You might start by asking yourself why you want to ruin a perfectly good piece of meat by adding “heat”  in the first place.   Apparently, the tongue has taste buds,  nerves which, along with the nose,  determine the  flavor of what we eat.  The “heat” sensitive nerves in the tongue are not involved in tasting, they only do “heat”.  Why, then did evolution equip the tongue with two sets of nerves that react to food,  taste & heat?  There is a chemcal that causes the “heat”  experience.  I think it called curcumin, and cayenne pepper is an almost pure example of it.  This chemical does two things--  in moderation, it kills bacteria.  Bacteria cause food poisoning.  Bacteria cause meat to go rancid--  our nose is very sensitive to the stink of rancid meat because that smell means it is loaded with food poison bacteria.  Up to a point, the “heat” in peppers kills bacteria, so before refrigeration, adding pepper to meat kept it from spoiling for a few more days.  When meat was expensive or hard to get,  peppers had a real economic, health, and evolutionary value,  but only up to point.  Putting it another way, “heat” kills living things.  A little added heat is good because it kills bacteria but too much heat is bad because it will kill the lining of your mouth and throat.  Don’t want that, so evolution gave us a good-bad  physiological response to heat--  its good up to a point, then its bad.   Unfortunately evolution never found the  proper balance-- refrigeration made the evolution of heat irrelevant, leaving us in the pickle I described in an earlier post how much “heat” is enough?  With refrigeration, the answer is none at all.


----------



## taxlady (Jan 13, 2021)

kb0000, I think you will find that a lot of us disagree with a great deal of what you wrote about hot food.
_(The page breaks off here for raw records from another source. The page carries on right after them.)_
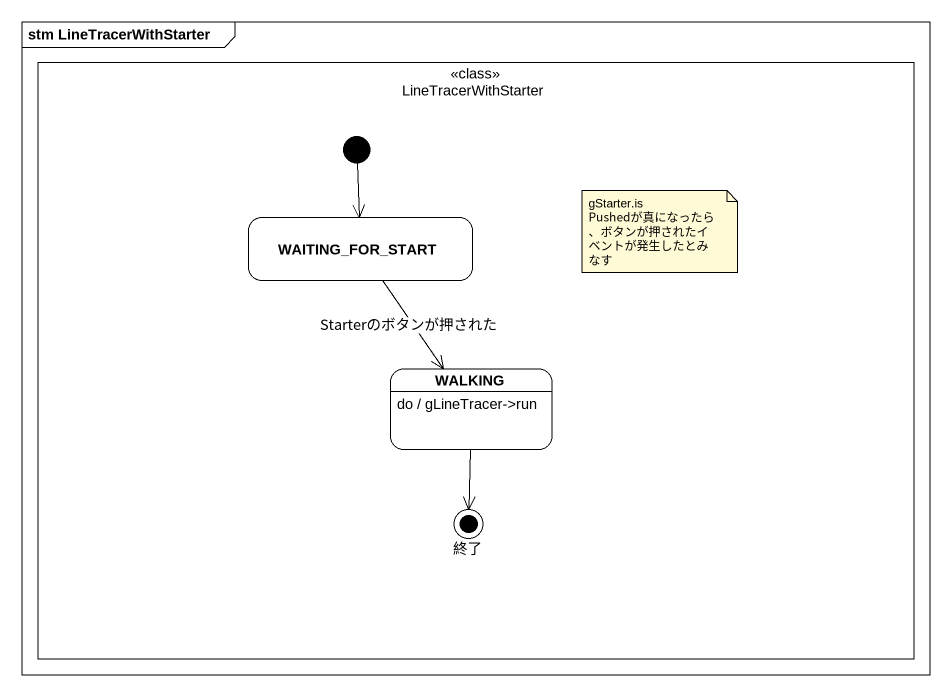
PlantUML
@startuml
mainframe stm LineTracerWithStarter
hide empty description
state LineTracerWithStarter <<class>> {
  state WAITING_FOR_START #FFFFFF
  state WALKING #FFFFFF
  WALKING : do / gLineTracer->run
  state 終了 <<end>>
  [*] --> WAITING_FOR_START
}
WAITING_FOR_START --> WALKING : Starterのボタンが押された
WALKING --> 終了
note as N1
  gStarter.isPushedが真になったら、ボタンが押されたイベントが発生したとみなす
end note
@enduml
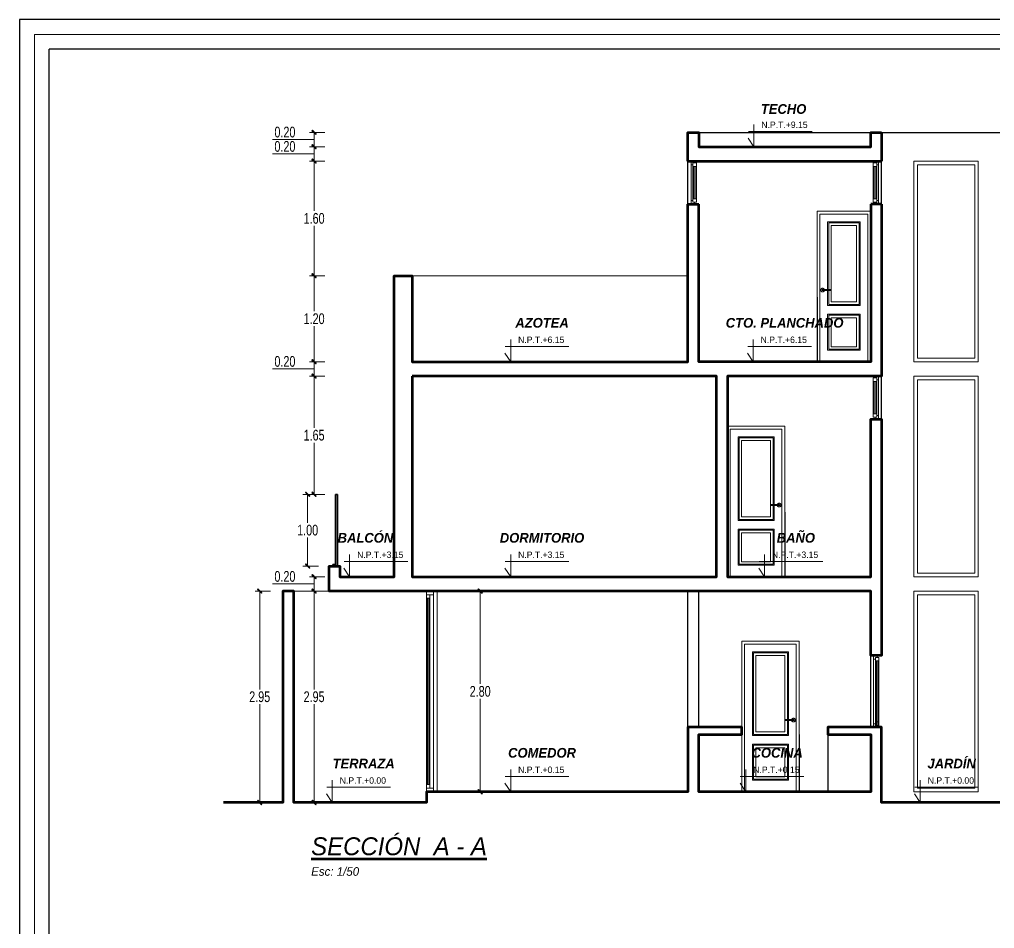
# Model space of a CAD drawing. Header units: millimetres. Extents: x 10610 to 10705, y -16613.7 to -16584.2.
# Drawn here: x 10664.32 to 10677.92, y -16597.4 to -16584.72 of the extents above; entities that cross this region are included whole.
import ezdxf
from ezdxf.enums import TextEntityAlignment as Align

# ---------------------------------------------------------------- set-up
doc = ezdxf.new("R2010")
doc.units = ezdxf.units.MM
for name, color, linetype, lineweight in [('COTASS', 7, 'Continuous', 5), ('Nuevo_p2_Pluma_Nº__27', 7, 'Continuous', 35), ('Nuevo_p2_Pluma_Nº__30', 134, 'Continuous', 35), ('p2', 53, 'Continuous', 20), ('P6', 255, 'Continuous', 20), ('Text. titulos .jlay', 10, 'Continuous', 70)]:
    doc.layers.add(name, color=color, linetype=linetype, lineweight=lineweight)
for name, color, linetype, lineweight, true_color in [('Nuevo_p2_Pluma_Nº__29', 7, 'Continuous', 35, 0x3dad99), ('Nuevo_p2_Pluma_Nº__87', 7, 'Continuous', 20, 0x6a6a6a), ('Nuevo_p2_Pluma_Nº__90', 7, 'Continuous', 20, 0x00bfbf), ('Nuevo_Puertas ARCHICAD_Pluma_Nº__3', 7, 'Continuous', 18, 0xff6600), ('Nuevo_Puertas ARCHICAD_Pluma_Nº__87', 7, 'Continuous', 20, 0x6a6a6a), ('Nuevo_Ventanas ARCHICAD_Pluma_Nº__23', 7, 'Continuous', 20, 0xff6600), ('Nuevo_Ventanas ARCHICAD_Pluma_Nº__3', 7, 'Continuous', 18, 0xff6600), ('Nuevo_Ventanas ARCHICAD_Pluma_Nº__87', 7, 'Continuous', 20, 0x6a6a6a)]:
    doc.layers.add(name, color=color, linetype=linetype, lineweight=lineweight, true_color=true_color)
doc.styles.add('CENTURY JOSE TEXT', font='GOTHICI.TTF')
doc.styles.add('mahico', font='GOTHIC.TTF', dxfattribs={"width": 0.75})
doc.styles.add('stylus', font='stylu.ttf')
doc.styles.add('TEXTO PRINCIPAL', font='swissek.ttf', dxfattribs={"height": 0.15})
doc.dimstyles.new('50 P', dxfattribs={"dimtxt": 0.15, "dimasz": 0.01, "dimexe": 0.065, "dimexo": 0.0625, "dimgap": 0.025, "dimtad": 1, "dimtih": 1, "dimtoh": 1, "dimzin": 0, "dimdsep": 46, "dimtxsty": 'mahico', "dimblk": 'pa cotas', "dimcen": 0.09, "dimdle": 0.3, "dimclrd": 256, "dimclre": 256, "dimclrt": 256, "dimadec": 0, "dimazin": 0, "dimtfac": 1, "dimtofl": 0, "dimtmove": 0, "dimatfit": 3, "dimfxl": 0.15, "dimfxlon": 1, "dimtolj": 1, "dimtzin": 0, "dimlwd": 5, "dimlwe": 5, "dimarcsym": 0})

# ---------------------------------------------------------------- blocks, each defined once
blk = doc.blocks.new('TRJHTRJHR')
at = {"layer": 'p2'}
for q in [(2575.085, 1629.691, 0), (2575.005, 1629.501, 0)]:
    blk.add_line((2575.085, 1629.381, 0), q, dxfattribs=at)
at = {"layer": 'p2', "elevation": 0}
blk.add_lwpolyline([(2575.897, 1629.593), (2575.009, 1629.593), (2575.009, 1629.593)], dxfattribs=at)
blk = doc.blocks.new('HTRHTRHTR')
for p, q in [((3391.88, 437.54), (3391.88, -165.78)), ((4244.53, 437.54), (3391.88, 437.54)), ((3400.57, -157.09), (3400.57, 428.85)), ((4235.83, 428.85), (3400.57, 428.85))]:
    blk.add_line(p, q)
at = {"layer": 'P6', "color": 7}
for p, q in [((3396.22, -161.44), (3396.22, 433.19)), ((3396.22, 433.19), (4240.18, 433.19))]:
    blk.add_line(p, q, dxfattribs=at)
blk = doc.blocks.new('pa cotas')
h = blk.add_hatch(color=256)
h.paths.add_polyline_path([(2.4, 3.1), (-3.1, -2.4), (-2.4, -3.1)])
h.paths.add_polyline_path([(3.1, 2.4), (2.4, 3.1), (-2.4, -3.1)])
blk.add_line((-2.4, -3.1), (2.4, 3.1))
blk.add_lwpolyline([(3.1, 2.4), (2.4, 3.1), (-3.1, -2.4), (-2.4, -3.1)], close=True)
blk = doc.blocks.new('*D547')
at = {"lineweight": 5, "transparency": 16777216}
for p, q in [((10667.821, -16592.695), (10667.606, -16592.695)), ((10667.671, -16592.705), (10667.671, -16594.066)), ((10667.671, -16595.635), (10667.671, -16594.274)), ((10667.821, -16595.645), (10667.606, -16595.645))]:
    blk.add_line(p, q, dxfattribs=at)
at = {"layer": 'Defpoints', "color": 0, "transparency": 16777216}
for p in [(10667.671, -16592.695), (10667.996, -16592.695), (10667.996, -16595.645)]:
    blk.add_point(p, dxfattribs=at)
at = {"lineweight": 5, "transparency": 16777216, "xscale": 0.01, "yscale": 0.01, "zscale": 0.01}
for p, rotation in [((10667.671, -16592.695), 90), ((10667.671, -16595.645), 270)]:
    blk.add_blockref('pa cotas', p, dxfattribs=dict(at, rotation=rotation))
at = {"transparency": 16777216, "insert": (10667.671, -16594.17), "char_height": 0.15, "attachment_point": 5, "style": 'mahico'}
blk.add_mtext('\\A1;2.95', dxfattribs=at)
blk = doc.blocks.new('*D548')
at = {"lineweight": 5, "transparency": 16777216}
for p, q in [((10670.597, -16592.695), (10670.812, -16592.695)), ((10670.747, -16592.705), (10670.747, -16593.991)), ((10670.747, -16595.485), (10670.747, -16594.199)), ((10670.597, -16595.495), (10670.812, -16595.495))]:
    blk.add_line(p, q, dxfattribs=at)
at = {"layer": 'Defpoints', "color": 0, "transparency": 16777216}
for p in [(10670.491, -16592.695), (10670.747, -16592.695), (10670.491, -16595.495)]:
    blk.add_point(p, dxfattribs=at)
at = {"lineweight": 5, "transparency": 16777216, "xscale": 0.01, "yscale": 0.01, "zscale": 0.01}
for p, rotation in [((10670.747, -16592.695), 90), ((10670.747, -16595.495), 270)]:
    blk.add_blockref('pa cotas', p, dxfattribs=dict(at, rotation=rotation))
at = {"transparency": 16777216, "insert": (10670.747, -16594.095), "char_height": 0.15, "attachment_point": 5, "style": 'mahico'}
blk.add_mtext('\\A1;2.80', dxfattribs=at)
blk = doc.blocks.new('*D549')
at = {"lineweight": 5, "transparency": 16777216}
for p, q in [((10668.576, -16592.695), (10668.365, -16592.695)), ((10668.43, -16592.705), (10668.43, -16594.066)), ((10668.43, -16595.635), (10668.43, -16594.274)), ((10668.28, -16595.645), (10668.495, -16595.645))]:
    blk.add_line(p, q, dxfattribs=at)
at = {"layer": 'Defpoints', "color": 0, "transparency": 16777216}
for p in [(10668.43, -16592.695), (10668.638, -16592.695), (10668.146, -16595.645)]:
    blk.add_point(p, dxfattribs=at)
at = {"lineweight": 5, "transparency": 16777216, "xscale": 0.01, "yscale": 0.01, "zscale": 0.01}
for p, rotation in [((10668.43, -16592.695), 90), ((10668.43, -16595.645), 270)]:
    blk.add_blockref('pa cotas', p, dxfattribs=dict(at, rotation=rotation))
at = {"transparency": 16777216, "insert": (10668.43, -16594.17), "char_height": 0.15, "attachment_point": 5, "style": 'mahico'}
blk.add_mtext('\\A1;2.95', dxfattribs=at)
blk = doc.blocks.new('*D550')
at = {"lineweight": 5, "transparency": 16777216}
for p, q in [((10668.58, -16592.495), (10668.365, -16592.495)), ((10668.43, -16592.685), (10668.43, -16592.505)), ((10668.194, -16592.595), (10667.851, -16592.595)), ((10668.43, -16592.595), (10668.194, -16592.595)), ((10668.576, -16592.695), (10668.365, -16592.695))]:
    blk.add_line(p, q, dxfattribs=at)
at = {"layer": 'Defpoints', "color": 0, "transparency": 16777216}
for p in [(10668.43, -16592.495), (10668.788, -16592.495), (10668.638, -16592.695)]:
    blk.add_point(p, dxfattribs=at)
at = {"lineweight": 5, "transparency": 16777216, "xscale": 0.01, "yscale": 0.01, "zscale": 0.01}
for p, rotation in [((10668.43, -16592.495), 90), ((10668.43, -16592.695), 270)]:
    blk.add_blockref('pa cotas', p, dxfattribs=dict(at, rotation=rotation))
at = {"transparency": 16777216, "insert": (10668.023, -16592.491), "char_height": 0.15, "attachment_point": 5, "style": 'mahico'}
blk.add_mtext('\\A1;0.20', dxfattribs=at)
blk = doc.blocks.new('*D551')
at = {"lineweight": 5, "transparency": 16777216}
for p, q in [((10668.49, -16591.345), (10668.275, -16591.345)), ((10668.34, -16591.355), (10668.34, -16591.741)), ((10668.34, -16592.335), (10668.34, -16591.949)), ((10668.49, -16592.345), (10668.275, -16592.345))]:
    blk.add_line(p, q, dxfattribs=at)
at = {"layer": 'Defpoints', "color": 0, "transparency": 16777216}
for p in [(10668.34, -16591.345), (10668.728, -16591.345), (10668.638, -16592.345)]:
    blk.add_point(p, dxfattribs=at)
at = {"lineweight": 5, "transparency": 16777216, "xscale": 0.01, "yscale": 0.01, "zscale": 0.01}
for p, rotation in [((10668.34, -16591.345), 90), ((10668.34, -16592.345), 270)]:
    blk.add_blockref('pa cotas', p, dxfattribs=dict(at, rotation=rotation))
at = {"transparency": 16777216, "insert": (10668.34, -16591.845), "char_height": 0.15, "attachment_point": 5, "style": 'mahico'}
blk.add_mtext('\\A1;1.00', dxfattribs=at)
blk = doc.blocks.new('*D552')
at = {"lineweight": 5, "transparency": 16777216}
for p, q in [((10668.58, -16589.695), (10668.365, -16589.695)), ((10668.43, -16589.705), (10668.43, -16590.416)), ((10668.43, -16591.335), (10668.43, -16590.624)), ((10668.58, -16591.345), (10668.365, -16591.345))]:
    blk.add_line(p, q, dxfattribs=at)
at = {"layer": 'Defpoints', "color": 0, "transparency": 16777216}
for p in [(10668.43, -16589.695), (10669.796, -16589.695), (10668.728, -16591.345)]:
    blk.add_point(p, dxfattribs=at)
at = {"lineweight": 5, "transparency": 16777216, "xscale": 0.01, "yscale": 0.01, "zscale": 0.01}
for p, rotation in [((10668.43, -16589.695), 90), ((10668.43, -16591.345), 270)]:
    blk.add_blockref('pa cotas', p, dxfattribs=dict(at, rotation=rotation))
at = {"transparency": 16777216, "insert": (10668.43, -16590.52), "char_height": 0.15, "attachment_point": 5, "style": 'mahico'}
blk.add_mtext('\\A1;1.65', dxfattribs=at)
blk = doc.blocks.new('*D553')
at = {"lineweight": 5, "transparency": 16777216}
for p, q in [((10668.58, -16589.495), (10668.365, -16589.495)), ((10668.43, -16589.685), (10668.43, -16589.505)), ((10668.194, -16589.595), (10667.851, -16589.595)), ((10668.43, -16589.595), (10668.194, -16589.595)), ((10668.58, -16589.695), (10668.365, -16589.695))]:
    blk.add_line(p, q, dxfattribs=at)
at = {"layer": 'Defpoints', "color": 0, "transparency": 16777216}
for p in [(10668.43, -16589.495), (10669.796, -16589.495), (10669.796, -16589.695)]:
    blk.add_point(p, dxfattribs=at)
at = {"lineweight": 5, "transparency": 16777216, "xscale": 0.01, "yscale": 0.01, "zscale": 0.01}
for p, rotation in [((10668.43, -16589.495), 90), ((10668.43, -16589.695), 270)]:
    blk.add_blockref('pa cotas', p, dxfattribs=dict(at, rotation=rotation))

The chemical responsible for heat in chili peppers is capsaicin. Curcumin is a component of turmeric.


----------



## GotGarlic (Jan 13, 2021)

taxlady said:


> kb0000, I think you will find that a lot of us disagree with a great deal of what you wrote about hot food.
> 
> The chemical responsible for heat in chili peppers is capsaicin. Curcumin is a component of turmeric.



100 percent.

Another, imo more important, reason for adding heat to food is because people like the sensation. So much so that eating it triggers a release of serotonin in the brain - the pleasure chemical. And peppers offer more than just heat - they add sweet, grassy, nutty, etc., flavors depending on the variety and state (fresh, roasted, dried, etc.). They're quite versatile.

I just started reading a book called "Nose Dive: A Field Guide to the World's Smells," by Harold McGee, author of "On Food and Cooking." Aromas are a very large part of our perception of taste - the brain combines sensations from the tongue and the nose to create flavor. So there are several reasons to include chiles and other peppers in our cuisines.


----------



## GotGarlic (Jan 13, 2021)

Btw, China is a very large country with different regional cuisines. This is one way Chinese people in China make spicy food. 
https://youtu.be/EdeM98k3uNo


----------



## Cooking4Fun (Jan 13, 2021)

Less hot was the goal. But I was hoping non dairy more healthy liquid to cut the hot sauce down with.


----------



## taxlady (Jan 13, 2021)

Lemon juice tends to cut the heat of chili peppers.


----------



## GotGarlic (Jan 14, 2021)

Cooking4Fun said:


> Less hot was the goal. But I was hoping non dairy more healthy liquid to cut the hot sauce down with.


Did you look at the link to the list of wing sauces I posted? You can use barbecue sauce, lemon-pepper sauce, garlic-Parmesan sauce, a vinaigrette... There are all sorts of options.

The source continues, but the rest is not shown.